A few of the trees were crooked or had decayed centers, but most of them were big and healthy –



Then, a forester I’ve known for many years mentioned that he was planning a timber sale that would include this stand of white oak. I pointed out the significance of this small stand of trees to wildlife: the seasonal pool it contains where frogs and salamanders lay their eggs, and the vast quantities of acorns it has regularly produced. In fact, the area fed wildlife during  years when nearby areas occupied by other species of oak and various hickories were essentially devoid of nuts.

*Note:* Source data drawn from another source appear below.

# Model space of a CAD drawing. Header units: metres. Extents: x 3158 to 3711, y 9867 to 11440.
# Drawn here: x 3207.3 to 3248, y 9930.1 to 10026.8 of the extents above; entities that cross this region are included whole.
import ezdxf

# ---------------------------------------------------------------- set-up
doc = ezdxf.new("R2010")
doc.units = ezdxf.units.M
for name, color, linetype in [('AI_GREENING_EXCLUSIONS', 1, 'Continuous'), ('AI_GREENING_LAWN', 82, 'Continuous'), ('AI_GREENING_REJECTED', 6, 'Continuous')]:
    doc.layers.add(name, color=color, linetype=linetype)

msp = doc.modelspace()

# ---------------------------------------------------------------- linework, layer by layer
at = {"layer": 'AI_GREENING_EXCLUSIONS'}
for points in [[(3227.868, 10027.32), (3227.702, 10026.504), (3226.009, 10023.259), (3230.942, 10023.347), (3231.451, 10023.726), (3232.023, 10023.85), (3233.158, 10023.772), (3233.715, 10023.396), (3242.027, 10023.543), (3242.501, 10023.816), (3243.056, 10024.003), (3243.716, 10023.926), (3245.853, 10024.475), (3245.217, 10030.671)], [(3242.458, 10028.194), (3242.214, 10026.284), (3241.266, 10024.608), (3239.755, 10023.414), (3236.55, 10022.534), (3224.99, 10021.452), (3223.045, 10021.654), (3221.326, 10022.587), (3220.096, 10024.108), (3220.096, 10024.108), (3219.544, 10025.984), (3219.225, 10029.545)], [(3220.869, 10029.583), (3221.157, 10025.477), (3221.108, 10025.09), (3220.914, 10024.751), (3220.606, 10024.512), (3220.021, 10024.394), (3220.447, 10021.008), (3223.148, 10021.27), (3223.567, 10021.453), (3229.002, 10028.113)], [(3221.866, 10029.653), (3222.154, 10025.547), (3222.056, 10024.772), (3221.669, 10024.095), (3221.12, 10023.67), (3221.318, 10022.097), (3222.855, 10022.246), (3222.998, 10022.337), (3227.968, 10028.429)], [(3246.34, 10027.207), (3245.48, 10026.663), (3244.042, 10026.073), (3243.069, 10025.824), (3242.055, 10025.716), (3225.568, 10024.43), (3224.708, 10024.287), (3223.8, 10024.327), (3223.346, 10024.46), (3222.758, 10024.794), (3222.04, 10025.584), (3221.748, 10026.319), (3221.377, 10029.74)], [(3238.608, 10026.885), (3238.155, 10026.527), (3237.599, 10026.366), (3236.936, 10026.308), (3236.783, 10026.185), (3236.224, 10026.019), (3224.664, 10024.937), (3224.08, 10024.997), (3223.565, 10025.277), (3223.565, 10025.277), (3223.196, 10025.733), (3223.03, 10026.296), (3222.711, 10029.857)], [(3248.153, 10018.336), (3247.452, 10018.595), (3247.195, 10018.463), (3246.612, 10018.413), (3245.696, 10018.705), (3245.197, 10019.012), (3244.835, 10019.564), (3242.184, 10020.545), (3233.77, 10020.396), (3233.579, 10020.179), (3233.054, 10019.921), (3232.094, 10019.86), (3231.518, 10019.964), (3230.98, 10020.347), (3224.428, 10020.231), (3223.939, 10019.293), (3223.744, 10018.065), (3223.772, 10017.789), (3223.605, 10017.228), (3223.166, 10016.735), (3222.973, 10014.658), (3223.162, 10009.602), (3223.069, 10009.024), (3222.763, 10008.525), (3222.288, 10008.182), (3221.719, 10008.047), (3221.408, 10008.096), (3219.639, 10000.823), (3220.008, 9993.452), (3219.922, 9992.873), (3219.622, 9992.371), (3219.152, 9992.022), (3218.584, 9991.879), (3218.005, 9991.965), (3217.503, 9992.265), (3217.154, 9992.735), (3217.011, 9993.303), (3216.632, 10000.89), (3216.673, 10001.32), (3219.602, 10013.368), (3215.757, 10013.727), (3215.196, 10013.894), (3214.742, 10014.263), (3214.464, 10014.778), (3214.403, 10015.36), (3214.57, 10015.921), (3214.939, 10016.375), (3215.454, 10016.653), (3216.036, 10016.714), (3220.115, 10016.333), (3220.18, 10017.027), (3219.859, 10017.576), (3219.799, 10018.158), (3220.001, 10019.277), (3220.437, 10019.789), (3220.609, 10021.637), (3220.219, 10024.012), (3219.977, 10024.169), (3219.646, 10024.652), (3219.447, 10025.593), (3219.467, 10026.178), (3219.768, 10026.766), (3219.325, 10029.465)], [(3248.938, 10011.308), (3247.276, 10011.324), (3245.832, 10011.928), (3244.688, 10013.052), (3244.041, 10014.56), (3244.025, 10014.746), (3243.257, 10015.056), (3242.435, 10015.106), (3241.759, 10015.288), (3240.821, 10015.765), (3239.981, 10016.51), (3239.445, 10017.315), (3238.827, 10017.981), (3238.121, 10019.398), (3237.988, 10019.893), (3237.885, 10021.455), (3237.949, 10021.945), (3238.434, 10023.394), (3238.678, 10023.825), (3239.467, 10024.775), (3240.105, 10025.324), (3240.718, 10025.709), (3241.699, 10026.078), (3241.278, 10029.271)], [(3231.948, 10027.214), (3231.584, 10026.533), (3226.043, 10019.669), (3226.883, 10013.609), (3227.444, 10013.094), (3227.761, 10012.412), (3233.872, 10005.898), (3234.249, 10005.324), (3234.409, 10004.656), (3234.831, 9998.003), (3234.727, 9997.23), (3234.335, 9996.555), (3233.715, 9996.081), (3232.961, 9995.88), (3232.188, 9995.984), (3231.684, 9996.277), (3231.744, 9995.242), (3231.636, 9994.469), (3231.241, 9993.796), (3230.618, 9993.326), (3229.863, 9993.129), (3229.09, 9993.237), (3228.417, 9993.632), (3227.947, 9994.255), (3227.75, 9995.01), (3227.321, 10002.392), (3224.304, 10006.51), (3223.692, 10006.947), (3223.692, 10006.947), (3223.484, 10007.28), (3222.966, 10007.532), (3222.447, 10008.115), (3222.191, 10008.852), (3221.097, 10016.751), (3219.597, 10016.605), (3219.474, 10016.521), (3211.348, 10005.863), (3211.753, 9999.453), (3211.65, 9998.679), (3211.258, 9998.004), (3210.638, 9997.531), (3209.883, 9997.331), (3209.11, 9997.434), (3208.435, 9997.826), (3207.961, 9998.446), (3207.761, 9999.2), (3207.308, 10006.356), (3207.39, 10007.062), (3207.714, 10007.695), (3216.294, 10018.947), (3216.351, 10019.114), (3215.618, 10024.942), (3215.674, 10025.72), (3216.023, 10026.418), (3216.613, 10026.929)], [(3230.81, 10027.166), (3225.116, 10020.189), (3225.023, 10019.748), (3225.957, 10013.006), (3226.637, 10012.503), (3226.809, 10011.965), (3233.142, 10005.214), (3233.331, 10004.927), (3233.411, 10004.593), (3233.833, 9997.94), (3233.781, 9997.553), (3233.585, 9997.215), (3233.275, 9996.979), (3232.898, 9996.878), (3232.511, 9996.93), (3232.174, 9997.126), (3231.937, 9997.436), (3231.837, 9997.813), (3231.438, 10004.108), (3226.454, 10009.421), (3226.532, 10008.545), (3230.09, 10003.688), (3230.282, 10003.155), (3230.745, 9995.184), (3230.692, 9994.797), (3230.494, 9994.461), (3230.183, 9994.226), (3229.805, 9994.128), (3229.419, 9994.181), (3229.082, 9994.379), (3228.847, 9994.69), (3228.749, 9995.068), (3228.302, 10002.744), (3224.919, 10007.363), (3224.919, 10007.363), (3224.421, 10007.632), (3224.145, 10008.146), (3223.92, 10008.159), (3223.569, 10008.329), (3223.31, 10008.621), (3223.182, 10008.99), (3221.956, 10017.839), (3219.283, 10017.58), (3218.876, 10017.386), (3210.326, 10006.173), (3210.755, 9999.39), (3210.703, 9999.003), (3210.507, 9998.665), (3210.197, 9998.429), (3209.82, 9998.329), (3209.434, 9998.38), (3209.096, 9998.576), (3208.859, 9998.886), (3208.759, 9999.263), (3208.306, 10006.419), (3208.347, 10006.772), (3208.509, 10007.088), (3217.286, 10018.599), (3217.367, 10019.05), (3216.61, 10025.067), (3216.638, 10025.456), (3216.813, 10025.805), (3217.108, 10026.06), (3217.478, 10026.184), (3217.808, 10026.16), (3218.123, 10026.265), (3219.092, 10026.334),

He went on to mark the trees to be removed, the timber sale was sold to a large sawmill, and the trees were cut. Here are the results –


A number of the trees that were left were damaged during removal of the cut trees –

Although "the book" on best management practices for seasonal pools where amphibians breed recommends not cutting any trees within 100 feet of the pool's edge, that recommendation was not followed. 

Don't assume I'm an anti-forest management person; we live in a wood-framed house with wooden floors, doors, windows and trim; I've been a woodworker for decades, making more than 65 pieces of furniture; we utilize all sorts of paper products; there's a pile of firewood along the driveway. Wood is certainly more environmentally friendly than metal or masonry but not every wooded acre has to be managed. 


I’ve known and liked the forester who marked this timber sale for many years; he attended one of the best professional schools and, although the production of woody fiber for forest industry seems to be the sole interest of all too many foresters, this fellow has always appeared to be sensitive to the other forest resources wildlife, wildflowers, clean water, aesthetics. As soon as I saw the results of the timber sale I thought of Sir Peter Scott’s oft repeated comment, “We should have the wisdom to know when to leave a place alone.”


My disappointment is profound and these ten acres will forever color my opinion of the forester.